Work to be completed →
Below are entries; output exactly the lines from the one with "1Hz1/1 -> Mux2/2, Decoupled" to the one with "3Ph Bridge Converter/LConn1 -- IGA/RConn1", both included, and nothing else.

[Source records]

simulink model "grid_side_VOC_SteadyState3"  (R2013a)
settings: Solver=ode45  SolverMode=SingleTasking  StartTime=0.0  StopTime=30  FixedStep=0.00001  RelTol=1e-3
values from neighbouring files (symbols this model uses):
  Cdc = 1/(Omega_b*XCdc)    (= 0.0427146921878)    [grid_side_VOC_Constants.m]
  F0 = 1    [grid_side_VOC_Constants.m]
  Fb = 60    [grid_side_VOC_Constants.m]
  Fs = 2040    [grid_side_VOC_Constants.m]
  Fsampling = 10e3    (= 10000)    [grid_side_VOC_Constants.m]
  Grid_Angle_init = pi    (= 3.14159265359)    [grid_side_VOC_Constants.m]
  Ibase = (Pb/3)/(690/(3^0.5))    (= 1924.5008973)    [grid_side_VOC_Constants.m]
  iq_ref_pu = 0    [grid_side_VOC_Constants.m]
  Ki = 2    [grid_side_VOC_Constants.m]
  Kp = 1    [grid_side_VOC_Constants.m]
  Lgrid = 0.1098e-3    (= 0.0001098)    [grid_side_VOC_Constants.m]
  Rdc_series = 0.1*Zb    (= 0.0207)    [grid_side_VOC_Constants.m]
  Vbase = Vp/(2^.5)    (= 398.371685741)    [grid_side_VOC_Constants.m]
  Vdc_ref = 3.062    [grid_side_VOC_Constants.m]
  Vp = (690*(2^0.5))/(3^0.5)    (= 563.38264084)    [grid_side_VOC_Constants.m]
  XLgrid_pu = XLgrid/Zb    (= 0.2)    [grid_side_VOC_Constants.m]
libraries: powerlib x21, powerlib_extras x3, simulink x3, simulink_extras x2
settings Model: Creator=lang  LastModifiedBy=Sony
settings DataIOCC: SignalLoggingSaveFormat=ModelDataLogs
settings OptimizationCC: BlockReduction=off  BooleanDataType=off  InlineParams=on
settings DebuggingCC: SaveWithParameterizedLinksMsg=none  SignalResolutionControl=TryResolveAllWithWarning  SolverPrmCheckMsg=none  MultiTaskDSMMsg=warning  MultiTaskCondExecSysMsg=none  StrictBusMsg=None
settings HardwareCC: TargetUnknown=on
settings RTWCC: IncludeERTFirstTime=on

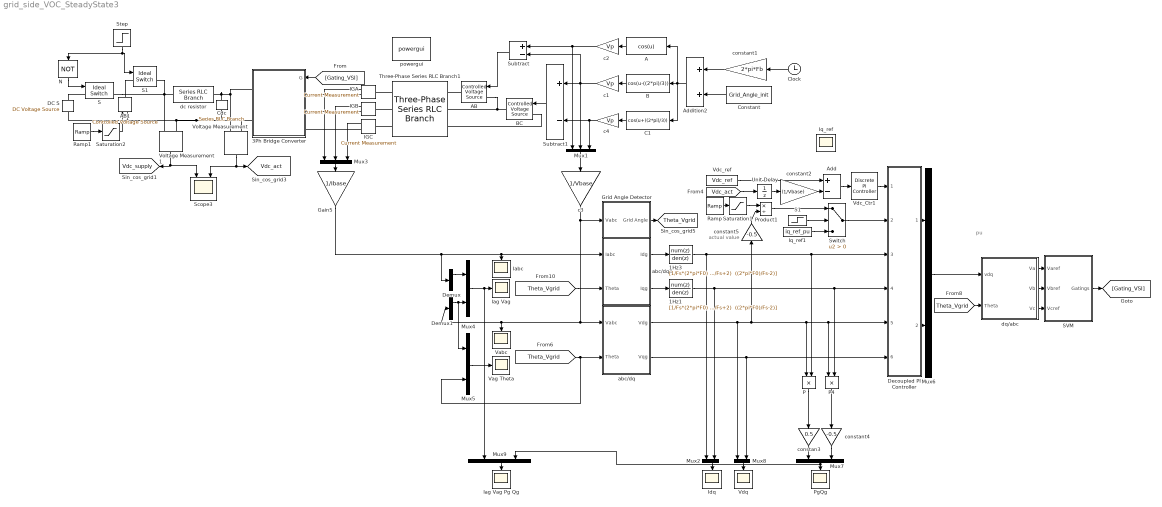
== system grid_side_VOC_SteadyState3 ==
  note: actual value
  note: pu
  " S1" : powerlib/Power Electronics/Ideal Switch  Ron=0  Lon=0  IC=0  Rs=inf  Cs=inf  Measurements=on
  1Hz1 : DiscreteTransferFcn  Numerator=[1/Fs*(2*pi*F0) 1/Fs*(2*pi*F0) ]  Denominator="[((2*pi*F0)/Fs+2)  ((2*pi*F0)/Fs-2)]"  SampleTime=1/Fs
  1Hz3 : DiscreteTransferFcn  Numerator=[1/Fs*(2*pi*F0) 1/Fs*(2*pi*F0) ]  Denominator="[((2*pi*F0)/Fs+2)  ((2*pi*F0)/Fs-2)]"  InitialStates=-250  SampleTime=1/Fs
  3Ph Bridge Converter : Subsystem
  A : Fcn  Expr=cos(u)
  AB : powerlib/Electrical Sources/Controlled Voltage Source  Initialize=off  Source_Type=AC  Amplitude=0  Phase=0  Frequency=0  Measurements=None
  AB1 : powerlib/Electrical Sources/Controlled Voltage Source  Initialize=off  Source_Type=AC  Amplitude=0  Phase=0  Frequency=0  Measurements=None
  Add : Sum  Inputs=+-
  Addition2 : Sum
  B : Fcn  Expr=cos(u-((2*pi)/3))
  BC : powerlib/Electrical Sources/Controlled Voltage Source  Initialize=off  Source_Type=AC  Amplitude=0  Phase=0  Frequency=0  Measurements=None
  C1 : Fcn  Expr=cos(u+((2*pi)/3))
  Cdc : powerlib/Elements/Series RLC Branch  LConnTagsString=__new0  RConnTagsString=__new0  BranchType=C  Resistance=1e-6  Inductance=1e-6  SetiL0=off  InitialCurrent=0  Capacitance=Cdc  Setx0=on  InitialVoltage=Vdc_capacitor_initial  Measurements=None
  Clock : Clock
  Constant : Constant  Value=Grid_Angle_init
  DC S : powerlib/Electrical Sources/DC Voltage Source  Amplitude=1259  Measurements=None
  Decoupled PI Controller : Subsystem
  Demux : Demux  Outputs=3
  Demux1 : Demux  Outputs=3
  Gain5 : Gain  Gain=1/Ibase
  Grid Angle Detector : Subsystem
  IGA : powerlib/Measurements/Current Measurement  PhasorSimulation=off  OutputType=Complex  PSBequivalent=0
  IGB : powerlib/Measurements/Current Measurement  PhasorSimulation=off  OutputType=Complex  PSBequivalent=0
  IGC : powerlib/Measurements/Current Measurement  PhasorSimulation=off  OutputType=Complex  PSBequivalent=0
  Iabc : Scope
      settings: YMin=-2.75  YMax=2.5  SaveName=ScopeData13
  Iag Vag : Scope
      settings: YMin=-1.5  YMax=2  SaveName=ScopeData3
  Iag Vag Pg Qg : Scope
      settings: YMin=-2.25  YMax=2.5  SaveName=ScopeData11
  Idq : Scope
      settings: YMin=-2  YMax=2.25
  Iq_ref : Scope
      settings: YMin=-0.475  YMax=0  SaveName=ScopeData10
  Iq_ref1 : Constant  Value=iq_ref_pu
  Mux1 : Mux  Inputs=3
  Mux{2,4..9} (7 alike) : Mux  Inputs=2
  Mux3 : Mux  Inputs=3
  N : Logic  Operator=NOT  Inputs=1  AllPortsSameDT=off  OutDataTypeStr=boolean
  P : Product
  P4 : Product
  PgQg : Scope
      settings: YMin=-0.67  YMax=-0.47  SaveName=ScopeData7
  Product1 : Product  Inputs=*/
  Ramp : simulink/Sources/Ramp  slope=-10  start=0.15  X0=0
  Ramp1 : simulink/Sources/Ramp  slope=-4000  start=0.05  X0=1259
  S : powerlib/Power Electronics/Ideal Switch  Ron=0  Lon=0  IC=0  Rs=inf  Cs=inf  Measurements=on
  S1 : Step  Time=0.150  SampleTime=0
  SVM : Subsystem
  Saturation1 : Saturate  SampleTime=1/Fsampling
  Saturation2 : Saturate  UpperLimit=1300  LowerLimit=1252  SampleTime=1/Fsampling
  Scope3 : Scope  NumInputPorts=2
      settings: YMin=1100~1025  YMax=1100~1400
  Step : Step  Time=0.050  SampleTime=0
  Subtract : Sum  Inputs=+-
  Subtract1 : Sum  Inputs=+-
  Switch : Switch  Criteria=u2 > Threshold
  Three-Phase Series RLC Branch1 : powerlib/Elements/Three-Phase Series RLC Branch  LConnTagsString=A|B|C  RConnTagsString=A|B|C  BranchType=L  Resistance=1e-6  Inductance=Lgrid  Capacitance=1e-6  Measurements=Branch currents
  Unit Delay : UnitDelay  InitialCondition=1220  SampleTime=1/Fsampling
  Vabc : Scope
      settings: YMin=-1.5  YMax=1.5  SaveName=ScopeData8
  Vag Theta : Scope
      settings: YMin=-1.5  YMax=6.5  SaveName=ScopeData4
  Vdc_Ctr1 : powerlib_extras/Discrete  Control Blocks/Discrete PI Controller  Kp=Kp  Ki=Ki  Par_Limits=[1e6 -1e6]  Init=0  Ts=50e-6
  Vdc_ref : Constant  Value=Vdc_ref
  Vdq : Scope
      settings: YMin=0  YMax=1.5  SaveName=ScopeData9
  Voltage Measurement : powerlib/Measurements/Voltage Measurement  PhasorSimulation=off  OutputType=Complex  PSBequivalent=0
  Voltage Measurement1 : powerlib/Measurements/Voltage Measurement  PhasorSimulation=off  OutputType=Complex  PSBequivalent=0
  abc/dq : Subsystem
  abc/dq1 : Subsystem
  c1 : Gain  Gain=Vp
  c2 : Gain  Gain=Vp
  c3 : Gain  Gain=1/Vbase
  c4 : Gain  Gain=Vp
  constan3 : Gain  Gain=0.5
  constant1 : Gain  Gain=2*pi*Fb
  constant2 : Gain  Gain=(1/Vbase)
  constant4 : Gain  Gain=-0.5
  constant5 : Gain  Gain=-0.5
  dc resistor : powerlib/Elements/Series RLC Branch  LConnTagsString=__new0  RConnTagsString=__new0  BranchType=R  Resistance=Rdc_series  Inductance=1e-3  SetiL0=off  InitialCurrent=0  Capacitance=1e-6  Setx0=off  InitialVoltage=0  Measurements=None
  dq/abc : Subsystem
  powergui : powerlib/powergui  Priority=1  SimulationMode=Continuous  SolverType=Tustin  SampleTime=50e-6  frequency=60  SPID=on  DisableSnubberDevices=off  DisableRonSwitches=off  DisableVfSwitches=off  SwTol=0  Interpol=off  DisplayEquations=off  frequencyindice=0  Pbase=100e6  ErrMax=1e-4  Iterations=50  UnitsV=kV  UnitsW=MW  FunctionMessages=off  echomessages=off  HookPort=off  EnableUseOfTLC=off  x0status=blocks  RestoreLinks=warning  ResistiveCurrentMeasurement=off  Frange=[0:2:500]  Ylog=off  Xlog=on  ShowGrid=off  save=off  variable=ZData  ZoomFFT=off  StartTime=0.0  cycles=1  DisplayStyle=1  fundamental=60  FreqAxis=off  MaxFrequency=1000  frequencyindicesteady=1  RmsSteady=1  display=off  Ts=0  methode=off
  tag scope: Theta_Vgrid=global, Vdc_act=global, Vdc_supply=global
  wires:
  Voltage Measurement/1 -> [Vdc_act], Scope3/2
  Voltage Measurement1/1 -> Scope3/1, [Vdc_supply]
  [Gating_VSI] -> 3Ph Bridge Converter/1(G)
  Step/1 -> " S1"/1, N/1
  N/1 -> S/1
  B/1 -> c1/1
  C1/1 -> c4/1
  Addition2/1 -> C1/1, A/1, B/1
  c1/1 -> Subtract1/1, Mux1/2, Subtract/2
  c4/1 -> Subtract1/2, Mux1/3
  Clock/1 -> constant1/1
  constant1/1 -> Addition2/1
  Constant/1 -> Addition2/2
  IGA/1 -> Mux3/1
  IGB/1 -> Mux3/2
  IGC/1 -> Mux3/3
  Mux3/1 -> Gain5/1
  A/1 -> c2/1
  [Vdc_act] -> Unit Delay/1
  constant2/1 -> Add/2
  Add/1 -> Vdc_Ctr1/1
  Vdc_ref/1 -> Add/1
  Unit Delay/1 -> constant2/1
  Vdc_Ctr1/1 -> Decoupled PI Controller/1(Id_ref)
  Switch/1 -> Decoupled PI Controller/2(Iq_ref)
  Iq_ref1/1 -> Switch/3
  Ramp/1 -> Saturation1/1
  S1/1 -> Switch/2
  Saturation1/1 -> Product1/1
  constant5/1 -> Product1/2
  Product1/1 -> Switch/1
  [Theta_Vgrid] -> dq/abc/2(Theta)
  Decoupled PI Controller/2(vq_ref) -> Mux6/2
  Decoupled PI Controller/1(vd_ref) -> Mux6/1
  Mux6/1 -> dq/abc/1(vdq)
  abc/dq/2(Vqg) -> Mux8/2, Decoupled PI Controller/6(Vq_Grid)
  1Hz1/1 -> Mux2/2, Decoupled PI Controller/4(Iq_VSI), P4/2
  Grid Angle Detector/1(Grid Angle) -> [Theta_Vgrid]
  [Theta_Vgrid] -> Mux5/2, abc/dq/2(Theta)
  dq/abc/1(Va) -> SVM/1(Varef)
  dq/abc/2(Vb) -> SVM/2(Vbref)
  dq/abc/3(Vc) -> SVM/3(Vcref)
  SVM/1(Gatings) -> [Gating_VSI]
  abc/dq/1(Vdg) -> Mux8/1, P/1, Decoupled PI Controller/5(Vd_Grid), P4/1, constant5/1
  c2/1 -> Subtract/1, Mux1/1
  c3/1 -> Grid Angle Detector/1(Vabc), Demux1/1, Vabc/1, abc/dq/1(Vabc)
  Mux2/1 -> Idq/1
  Demux/1 -> Mux4/1
  Gain5/1 -> abc/dq1/1(Iabc), Iabc/1, Demux/1
  Mux5/1 -> Vag Theta/1
  Demux1/1 -> Mux5/1, Mux4/2
  [Theta_Vgrid] -> abc/dq1/2(Theta)
  P/1 -> constan3/1
  P4/1 -> constant4/1
  constan3/1 -> Mux7/1
  constant4/1 -> Mux7/2
  Mux8/1 -> Vdq/1
  Mux4/1 -> Mux9/1, Iag Vag/1
  Mux9/1 -> Iag Vag Pg Qg/1
  Mux7/1 -> Mux9/2, PgQg/1
  abc/dq1/1(Idg) -> 1Hz3/1
  abc/dq1/2(Iqg) -> 1Hz1/1
  1Hz3/1 -> Mux2/1, Decoupled PI Controller/3(Id_VSI), P/2
  Ramp1/1 -> Saturation2/1
  Saturation2/1 -> AB1/1
  Subtract/1 -> AB/1
  Subtract1/1 -> BC/1
  Mux1/1 -> c3/1
  connections:
  Cdc/RConn1 -- dc resistor/RConn1 -- 3Ph Bridge Converter/RConn1 -- Voltage Measurement/LConn1
  3Ph Bridge Converter/RConn2 -- Voltage Measurement/LConn2 -- Cdc/LConn1 -- DC S/LConn1 -- AB1/LConn1 -- Voltage Measurement1/LConn2
  dc resistor/LConn1 -- " S1"/RConn1 -- Voltage Measurement1/LConn1 -- S/RConn1
  IGC/RConn1 -- 3Ph Bridge Converter/LConn3
  S/LConn1 -- DC S/RConn1
  " S1"/LConn1 -- AB1/RConn1
  BC/RConn1 -- AB/LConn1 -- Three-Phase Series RLC Branch1/LConn2
  Three-Phase Series RLC Branch1/RConn2 -- IGB/LConn1
  Three-Phase Series RLC Branch1/RConn3 -- IGC/LConn1
  BC/LConn1 -- Three-Phase Series RLC Branch1/LConn3
  AB/RConn1 -- Three-Phase Series RLC Branch1/LConn1
  3Ph Bridge Converter/LConn2 -- IGB/RConn1
  3Ph Bridge Converter/LConn1 -- IGA/RConn1
  Three-Phase Series RLC Branch1/RConn1 -- IGA/LConn1

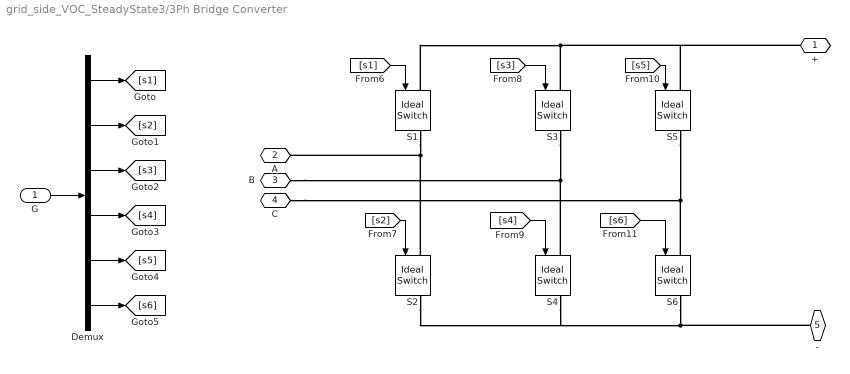
== system grid_side_VOC_SteadyState3/3Ph Bridge Converter ==
  G : Inport
   S{1..6} (6 alike) : powerlib/Power Electronics/Ideal Switch  Ron=0  Lon=0  IC=0  Rs=inf  Cs=inf  Measurements=on
  Demux : Demux  Outputs=6
  + : PMIOPort  Port=1  Side=Right
  A : PMIOPort  Port=2  Side=Left
  B : PMIOPort  Port=3  Side=Left
  C : PMIOPort  Port=4  Side=Left
  - : PMIOPort  Port=5  Side=Right
  wires:
  [s1] -> " S1"/1
  [s5] -> " S5"/1
  Demux/1 -> [s1]
  Demux/2 -> [s2]
  Demux/3 -> [s3]
  Demux/4 -> [s4]
  Demux/5 -> [s5]
  Demux/6 -> [s6]
  G/1 -> Demux/1
  [s2] -> " S2"/1
  [s3] -> " S3"/1
  [s4] -> " S4"/1
  [s6] -> " S6"/1
  connections:
  +/RConn1 -- " S5"/LConn1 -- " S3"/LConn1 -- " S1"/LConn1
  -/RConn1 -- " S2"/RConn1 -- " S4"/RConn1 -- " S6"/RConn1
  " S1"/RConn1 -- " S2"/LConn1 -- A/RConn1
  B/RConn1 -- " S4"/LConn1 -- " S3"/RConn1
  C/RConn1 -- " S6"/LConn1 -- " S5"/RConn1

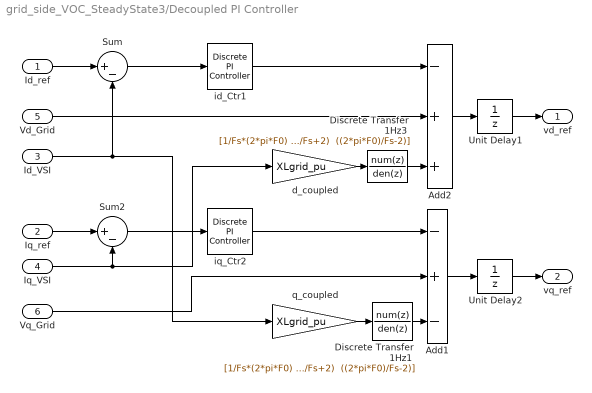
== system grid_side_VOC_SteadyState3/Decoupled PI Controller ==
  Id_ref : Inport
  Iq_ref : Inport  Port=2
  Id_VSI : Inport  Port=3
  Iq_VSI : Inport  Port=4
  Vd_Grid : Inport  Port=5
  Vq_Grid : Inport  Port=6
  Add1 : Sum  Inputs=-+-
  Add2 : Sum  Inputs=-++
  Discrete Transfer 1Hz1 : DiscreteTransferFcn  Numerator=[1/Fs*(2*pi*F0) 1/Fs*(2*pi*F0) ]  Denominator="[((2*pi*F0)/Fs+2)  ((2*pi*F0)/Fs-2)]"  SampleTime=1/Fs
  Discrete Transfer 1Hz3 : DiscreteTransferFcn  Numerator=[1/Fs*(2*pi*F0) 1/Fs*(2*pi*F0) ]  Denominator="[((2*pi*F0)/Fs+2)  ((2*pi*F0)/Fs-2)]"  SampleTime=1/Fs
  Sum : Sum  Inputs=|+-
  Sum2 : Sum  Inputs=|+-
  Unit Delay1 : UnitDelay  SampleTime=1/Fsampling
  Unit Delay2 : UnitDelay  SampleTime=1/Fsampling
  d_coupled : Gain  Gain=XLgrid_pu
  id_Ctr1 : powerlib_extras/Discrete  Control Blocks/Discrete PI Controller  Kp=Kp  Ki=Ki  Par_Limits=[1e6 -1e6]  Init=0  Ts=50e-6
  iq_Ctr2 : powerlib_extras/Discrete  Control Blocks/Discrete PI Controller  Kp=Kp  Ki=Ki  Par_Limits=[1e6 -1e6]  Init=0  Ts=50e-6
  q_coupled : Gain  Gain=XLgrid_pu
  vd_ref : Outport
  vq_ref : Outport  Port=2
  wires:
  id_Ctr1/1 -> Add2/1
  Iq_VSI/1 -> d_coupled/1, Sum2/2
  Sum/1 -> id_Ctr1/1
  iq_Ctr2/1 -> Add1/1
  Vq_Grid/1 -> Add1/2
  Vd_Grid/1 -> Add2/2
  Sum2/1 -> iq_Ctr2/1
  Id_ref/1 -> Sum/1
  Add2/1 -> Unit Delay1/1
  Iq_ref/1 -> Sum2/1
  Add1/1 -> Unit Delay2/1
  d_coupled/1 -> Discrete Transfer 1Hz3/1
  Discrete Transfer 1Hz1/1 -> Add1/3
  Unit Delay2/1 -> vq_ref/1
  Unit Delay1/1 -> vd_ref/1
  Discrete Transfer 1Hz3/1 -> Add2/3
  q_coupled/1 -> Discrete Transfer 1Hz1/1
  Id_VSI/1 -> Sum/2, q_coupled/1

== system grid_side_VOC_SteadyState3/Grid Angle Detector ==
  Vabc : Inport
  Add : Sum
  Beta1 : Fcn  Expr=(1/(3^.5))*(u(1)+2*u(2))
  Cartesian to Polar1 : simulink_extras/Transformations/Cartesian to Polar
  Constant : Constant  Value=2*pi
  Math Function : Math  Operator=rem  SaturateOnIntegerOverflow=on
  Unit Delay3 : UnitDelay  InitialCondition=Grid_Angle_init  SampleTime=1/Fsampling
  alpha1 : Fcn  Expr=u(1)
  Grid Angle : Outport
  wires:
  Beta1/1 -> Cartesian to Polar1/2
  Vabc/1 -> alpha1/1, Beta1/1
  Unit Delay3/1 -> Grid Angle/1
  alpha1/1 -> Cartesian to Polar1/1
  Cartesian to Polar1/2 -> Add/1
  Constant/1 -> Math Function/2, Add/2
  Add/1 -> Math Function/1
  Math Function/1 -> Unit Delay3/1

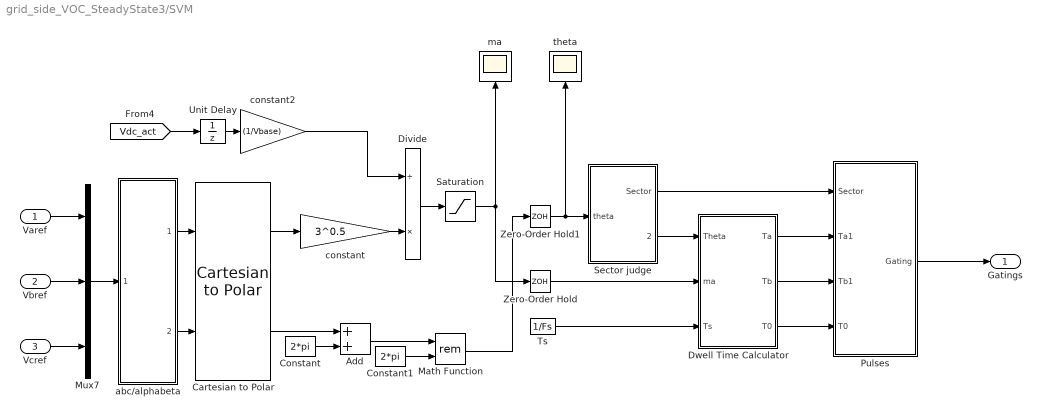
== system grid_side_VOC_SteadyState3/SVM ==
  Varef : Inport
  Vbref : Inport  Port=2
  Vcref : Inport  Port=3
  Add : Sum
  Cartesian to Polar : simulink_extras/Transformations/Cartesian to Polar
  Constant : Constant  Value=2*pi
  Constant1 : Constant  Value=2*pi
  Divide : Product  Inputs=/*
  Dwell Time Calculator : Subsystem
  Math Function : Math  Operator=rem  SaturateOnIntegerOverflow=on
  Mux7 : Mux  Inputs=3
  Pulses : Subsystem
  Saturation : Saturate  UpperLimit=1  LowerLimit=0  SampleTime=1/Fsampling
  Sector judge : Subsystem
  Ts : Constant  Value=1/Fs
  Unit Delay : UnitDelay  InitialCondition=1220  SampleTime=1/Fsampling
  Zero-Order Hold : ZeroOrderHold  SampleTime=1/(2*Fs)
  Zero-Order Hold1 : ZeroOrderHold  SampleTime=1/(2*Fs)
  abc/alphabeta : Subsystem
  constant : Gain  Gain=3^0.5
  constant2 : Gain  Gain=(1/Vbase)
  ma : Scope
      settings: SaveName=ScopeData5
  theta : Scope
      settings: YMin=-3.5  YMax=3.5  SaveName=ScopeData6
  Gatings : Outport
  wires:
  Dwell Time Calculator/3(T0) -> Pulses/4(T0)
  constant/1 -> Divide/2
  Pulses/1(Gating) -> Gatings/1
  Cartesian to Polar/1 -> constant/1
  Divide/1 -> Saturation/1
  Ts/1 -> Dwell Time Calculator/3(Ts)
  Varef/1 -> Mux7/1
  Dwell Time Calculator/1(Ta) -> Pulses/2(Ta1)
  Dwell Time Calculator/2(Tb) -> Pulses/3(Tb1)
  Sector judge/2(Cal_theta) -> Dwell Time Calculator/1(Theta)
  Saturation/1 -> Zero-Order Hold/1, ma/1
  Zero-Order Hold/1 -> Dwell Time Calculator/2(ma)
  constant2/1 -> Divide/1
  Zero-Order Hold1/1 -> Sector judge/1(theta), theta/1
  Sector judge/1(Sector) -> Pulses/1(Sector)
  abc/alphabeta/1(Valpha) -> Cartesian to Polar/1
  Mux7/1 -> abc/alphabeta/1(Vabc)
  Vbref/1 -> Mux7/2
  abc/alphabeta/2(Vbeta) -> Cartesian to Polar/2
  Vcref/1 -> Mux7/3
  Cartesian to Polar/2 -> Add/1
  Math Function/1 -> Zero-Order Hold1/1
  Constant/1 -> Add/2
  Add/1 -> Math Function/1
  Constant1/1 -> Math Function/2
  [Vdc_act] -> Unit Delay/1
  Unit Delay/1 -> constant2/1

Exercise answer →
  1Hz1/1 -> Mux2/2, Decoupled PI Controller/4(Iq_VSI), P4/2
  Grid Angle Detector/1(Grid Angle) -> [Theta_Vgrid]
  [Theta_Vgrid] -> Mux5/2, abc/dq/2(Theta)
  dq/abc/1(Va) -> SVM/1(Varef)
  dq/abc/2(Vb) -> SVM/2(Vbref)
  dq/abc/3(Vc) -> SVM/3(Vcref)
  SVM/1(Gatings) -> [Gating_VSI]
  abc/dq/1(Vdg) -> Mux8/1, P/1, Decoupled PI Controller/5(Vd_Grid), P4/1, constant5/1
  c2/1 -> Subtract/1, Mux1/1
  c3/1 -> Grid Angle Detector/1(Vabc), Demux1/1, Vabc/1, abc/dq/1(Vabc)
  Mux2/1 -> Idq/1
  Demux/1 -> Mux4/1
  Gain5/1 -> abc/dq1/1(Iabc), Iabc/1, Demux/1
  Mux5/1 -> Vag Theta/1
  Demux1/1 -> Mux5/1, Mux4/2
  [Theta_Vgrid] -> abc/dq1/2(Theta)
  P/1 -> constan3/1
  P4/1 -> constant4/1
  constan3/1 -> Mux7/1
  constant4/1 -> Mux7/2
  Mux8/1 -> Vdq/1
  Mux4/1 -> Mux9/1, Iag Vag/1
  Mux9/1 -> Iag Vag Pg Qg/1
  Mux7/1 -> Mux9/2, PgQg/1
  abc/dq1/1(Idg) -> 1Hz3/1
  abc/dq1/2(Iqg) -> 1Hz1/1
  1Hz3/1 -> Mux2/1, Decoupled PI Controller/3(Id_VSI), P/2
  Ramp1/1 -> Saturation2/1
  Saturation2/1 -> AB1/1
  Subtract/1 -> AB/1
  Subtract1/1 -> BC/1
  Mux1/1 -> c3/1
  connections:
  Cdc/RConn1 -- dc resistor/RConn1 -- 3Ph Bridge Converter/RConn1 -- Voltage Measurement/LConn1
  3Ph Bridge Converter/RConn2 -- Voltage Measurement/LConn2 -- Cdc/LConn1 -- DC S/LConn1 -- AB1/LConn1 -- Voltage Measurement1/LConn2
  dc resistor/LConn1 -- " S1"/RConn1 -- Voltage Measurement1/LConn1 -- S/RConn1
  IGC/RConn1 -- 3Ph Bridge Converter/LConn3
  S/LConn1 -- DC S/RConn1
  " S1"/LConn1 -- AB1/RConn1
  BC/RConn1 -- AB/LConn1 -- Three-Phase Series RLC Branch1/LConn2
  Three-Phase Series RLC Branch1/RConn2 -- IGB/LConn1
  Three-Phase Series RLC Branch1/RConn3 -- IGC/LConn1
  BC/LConn1 -- Three-Phase Series RLC Branch1/LConn3
  AB/RConn1 -- Three-Phase Series RLC Branch1/LConn1
  3Ph Bridge Converter/LConn2 -- IGB/RConn1
  3Ph Bridge Converter/LConn1 -- IGA/RConn1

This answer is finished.